The Bakers Association of Kerala (BAKE) has decided to ban the use of non-veg mayonnaise from raw eggs in eateries and restaurants. Raw egg mayonnaise will not form part of any side dish either. This follows a directive to the effect issued by the food safety wing of the State government.

The death of three young people in the State in eight months from food poisoning raised a scare. These cases were reported mostly after consuming Arabian mandi-style cooked food and shawarma.

This prompted Rajeev Jayadevan, Co-chairman, National Covid Task Force past-president IMA, to tweet about precautions before taking food from street joints.

Growing popularity

If the meat is already contaminated at the assembly point, it becomes an excellent culture medium for bacteria, especially the uncooked part. As the meat is assembled off-site, there is no way of telling if it was done hygienically, or kept overnight after slow sales the previous day, Jayadevan cautioned.

Mandi and shawarma have gained huge popularity in recent times in the State. It was in this context Health Minister Veena George called a meeting here of representatives of hotels, restaurants, wayside eateries, bakeries, and catering firms.

They unanimously agreed on the ban on non-veg mayonnaise.
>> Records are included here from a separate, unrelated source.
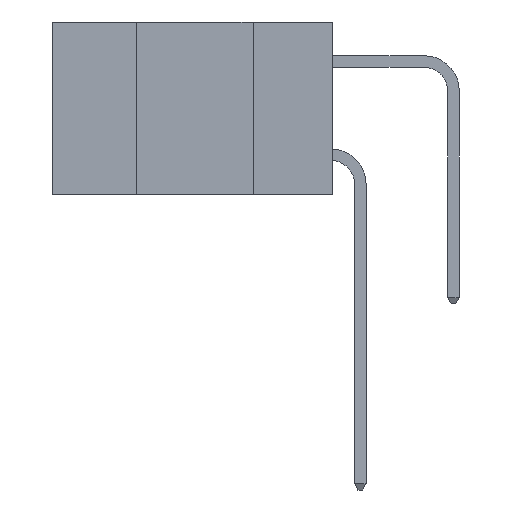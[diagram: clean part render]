
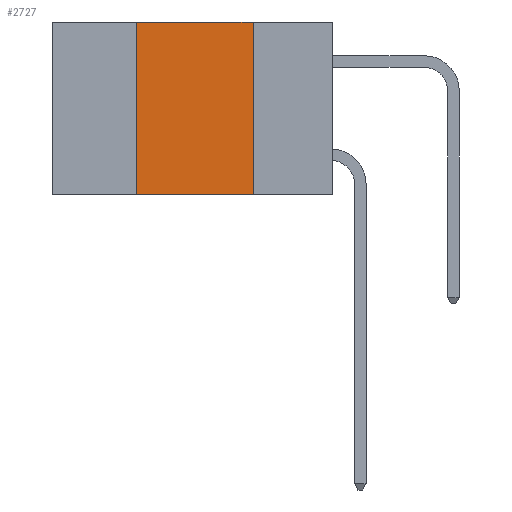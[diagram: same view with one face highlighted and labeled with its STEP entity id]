
A CAD part, left-side view. The second image highlights one B-rep face of the part: STEP entity #2727.
In plain terms, the highlighted planar face has unit normal (-1, 0, 0).
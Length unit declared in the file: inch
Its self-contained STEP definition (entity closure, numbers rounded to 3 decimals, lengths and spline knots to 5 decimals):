
#432 = ORIENTED_EDGE ( 'NONE', *, *, #8632, .F. ) ;
#531 = VERTEX_POINT ( 'NONE', #20922 ) ;
#1084 = EDGE_CURVE ( 'NONE', #7674, #7248, #3073, .T. ) ;
#1511 = EDGE_CURVE ( 'NONE', #9617, #7248, #12331, .T. ) ;
#2279 = LINE ( 'NONE', #19969, #6438 ) ;
#2319 = DIRECTION ( 'NONE',  ( 0., 0., 1. ) ) ;
#2727 = ADVANCED_FACE ( 'NONE', ( #10936 ), #15152, .F. ) ;
#3073 = LINE ( 'NONE', #3282, #15822 ) ;
#3282 = CARTESIAN_POINT ( 'NONE',  ( 0., 0.17, -0.37 ) ) ;
#3440 = CARTESIAN_POINT ( 'NONE',  ( 0., 0.42, -0.37 ) ) ;
#3788 = AXIS2_PLACEMENT_3D ( 'NONE', #15471, #14814, #14812 ) ;
#4008 = ORIENTED_EDGE ( 'NONE', *, *, #1084, .F. ) ;
#5118 = ORIENTED_EDGE ( 'NONE', *, *, #1511, .T. ) ;
#5656 = EDGE_LOOP ( 'NONE', ( #4008, #17794, #432, #5118 ) ) ;
#6134 = DIRECTION ( 'NONE',  ( 0., -1., 0. ) ) ;
#6438 = VECTOR ( 'NONE', #21624, 39.37008 ) ;
#7248 = VERTEX_POINT ( 'NONE', #9155 ) ;
#7674 = VERTEX_POINT ( 'NONE', #20447 ) ;
#7881 = DIRECTION ( 'NONE',  ( 0., 0., -1. ) ) ;
#8632 = EDGE_CURVE ( 'NONE', #9617, #531, #14611, .T. ) ;
#9155 = CARTESIAN_POINT ( 'NONE',  ( 0., 0.17, -0.37 ) ) ;
#9617 = VERTEX_POINT ( 'NONE', #3440 ) ;
#10936 = FACE_OUTER_BOUND ( 'NONE', #5656, .T. ) ;
#11046 = CARTESIAN_POINT ( 'NONE',  ( 0., 0.42, -0.37 ) ) ;
#12331 = LINE ( 'NONE', #19538, #20798 ) ;
#14078 = VECTOR ( 'NONE', #2319, 39.37008 ) ;
#14611 = LINE ( 'NONE', #11046, #14078 ) ;
#14812 = DIRECTION ( 'NONE',  ( 0., 0., -1. ) ) ;
#14814 = DIRECTION ( 'NONE',  ( 1., 0., 0. ) ) ;
#15152 = PLANE ( 'NONE',  #3788 ) ;
#15471 = CARTESIAN_POINT ( 'NONE',  ( 0., 0.6, 0. ) ) ;
#15822 = VECTOR ( 'NONE', #7881, 39.37008 ) ;
#17794 = ORIENTED_EDGE ( 'NONE', *, *, #18914, .F. ) ;
#18914 = EDGE_CURVE ( 'NONE', #531, #7674, #2279, .T. ) ;
#19538 = CARTESIAN_POINT ( 'NONE',  ( 0., 0.6, -0.37 ) ) ;
#19969 = CARTESIAN_POINT ( 'NONE',  ( 0., 0.6, 0. ) ) ;
#20447 = CARTESIAN_POINT ( 'NONE',  ( 0., 0.17, 0. ) ) ;
#20798 = VECTOR ( 'NONE', #6134, 39.37008 ) ;
#20922 = CARTESIAN_POINT ( 'NONE',  ( 0., 0.42, 0. ) ) ;
#21624 = DIRECTION ( 'NONE',  ( 0., -1., 0. ) ) ;
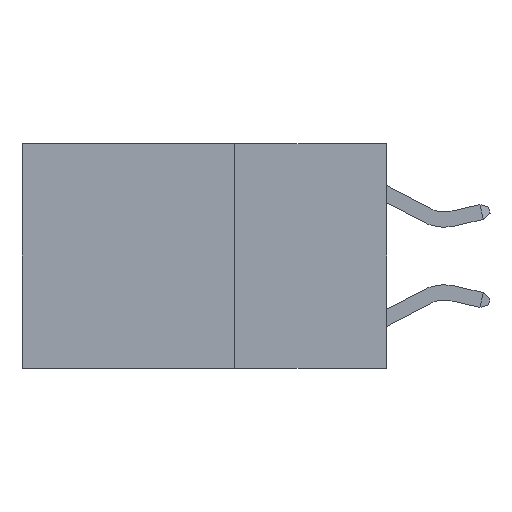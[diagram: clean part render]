
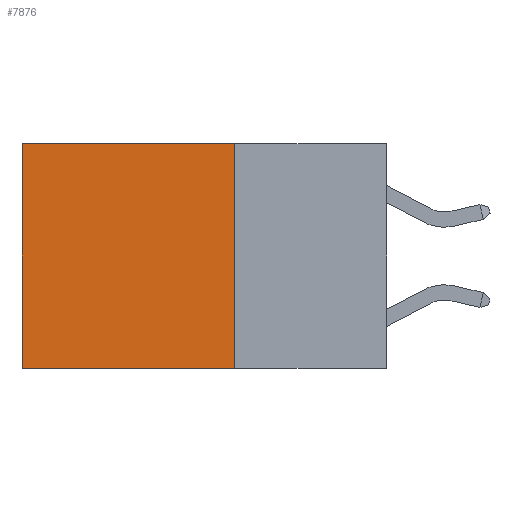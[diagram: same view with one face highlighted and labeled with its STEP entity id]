
A CAD part, left-side view. The second image highlights one B-rep face of the part: STEP entity #7876.
In plain terms, the highlighted planar face has unit normal (-1, 0, 0).
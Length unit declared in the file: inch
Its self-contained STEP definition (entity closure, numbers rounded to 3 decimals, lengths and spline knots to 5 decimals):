
#278 = CARTESIAN_POINT ( 'NONE',  ( 0.2625, 0.6, 0. ) ) ;
#391 = DIRECTION ( 'NONE',  ( 0., 0., -1. ) ) ;
#473 = DIRECTION ( 'NONE',  ( 0., 1., 0. ) ) ;
#808 = DIRECTION ( 'NONE',  ( 0., 1., 0. ) ) ;
#4092 = CARTESIAN_POINT ( 'NONE',  ( 0.2625, 0.25, -0.37 ) ) ;
#4345 = CARTESIAN_POINT ( 'NONE',  ( 0.2625, 0.25, 0. ) ) ;
#4731 = EDGE_CURVE ( 'NONE', #15012, #23478, #16721, .T. ) ;
#4773 = AXIS2_PLACEMENT_3D ( 'NONE', #4845, #28580, #391 ) ;
#4845 = CARTESIAN_POINT ( 'NONE',  ( 0.2625, 0.25, 0. ) ) ;
#6097 = ORIENTED_EDGE ( 'NONE', *, *, #8555, .F. ) ;
#7300 = PLANE ( 'NONE',  #4773 ) ;
#7646 = DIRECTION ( 'NONE',  ( 0., 0., -1. ) ) ;
#7794 = VERTEX_POINT ( 'NONE', #4092 ) ;
#7876 = ADVANCED_FACE ( 'NONE', ( #18647 ), #7300, .F. ) ;
#8555 = EDGE_CURVE ( 'NONE', #7794, #12674, #24550, .T. ) ;
#9894 = CARTESIAN_POINT ( 'NONE',  ( 0.2625, 0.25, 0. ) ) ;
#10797 = VECTOR ( 'NONE', #18595, 39.37008 ) ;
#11315 = ORIENTED_EDGE ( 'NONE', *, *, #29002, .T. ) ;
#12129 = CARTESIAN_POINT ( 'NONE',  ( 0.2625, 0.25, 0. ) ) ;
#12674 = VERTEX_POINT ( 'NONE', #29581 ) ;
#14217 = ORIENTED_EDGE ( 'NONE', *, *, #4731, .T. ) ;
#15012 = VERTEX_POINT ( 'NONE', #9894 ) ;
#16402 = CARTESIAN_POINT ( 'NONE',  ( 0.2625, 0.6, 0. ) ) ;
#16721 = LINE ( 'NONE', #12129, #28987 ) ;
#18595 = DIRECTION ( 'NONE',  ( 0., 0., -1. ) ) ;
#18647 = FACE_OUTER_BOUND ( 'NONE', #23921, .T. ) ;
#23050 = LINE ( 'NONE', #4345, #10797 ) ;
#23478 = VERTEX_POINT ( 'NONE', #278 ) ;
#23892 = LINE ( 'NONE', #16402, #28046 ) ;
#23921 = EDGE_LOOP ( 'NONE', ( #11315, #6097, #25678, #14217 ) ) ;
#24550 = LINE ( 'NONE', #28850, #25376 ) ;
#25376 = VECTOR ( 'NONE', #808, 39.37008 ) ;
#25678 = ORIENTED_EDGE ( 'NONE', *, *, #25859, .F. ) ;
#25859 = EDGE_CURVE ( 'NONE', #15012, #7794, #23050, .T. ) ;
#28046 = VECTOR ( 'NONE', #7646, 39.37008 ) ;
#28580 = DIRECTION ( 'NONE',  ( 1., 0., 0. ) ) ;
#28850 = CARTESIAN_POINT ( 'NONE',  ( 0.2625, 0.25, -0.37 ) ) ;
#28987 = VECTOR ( 'NONE', #473, 39.37008 ) ;
#29002 = EDGE_CURVE ( 'NONE', #23478, #12674, #23892, .T. ) ;
#29581 = CARTESIAN_POINT ( 'NONE',  ( 0.2625, 0.6, -0.37 ) ) ;

There are, however, eateries and restaurants that can serve mayonnaise made with pasteurised eggs or eggless mayonnaise.

Reasons behind food poisoning

Mayonnaise is served as a side dish to the main dishes, especially Arabian cuisine. It has been faulted as the villain in many recent episodes of food poisoning. Unless pasteurised, raw eggs can harbour salmonella bacteria, which multiply in hot and humid conditions.

Meanwhile, the Food Safety department has introduced the practice of affixing a ‘use-by’ label on food parcels. All food outlets must comply with the mandatory licence/registration requirement of the department. All of them should also cooperate with a newly-introduced hygiene rating initiative.

The Health Minister observed that hygiene rating would offer all eateries an opportunity to showcase each other’s hygiene and food safety standards. All outlets should display the toll-free number of the Food Safety Department. All employees should have medical fitness certificates and receive training.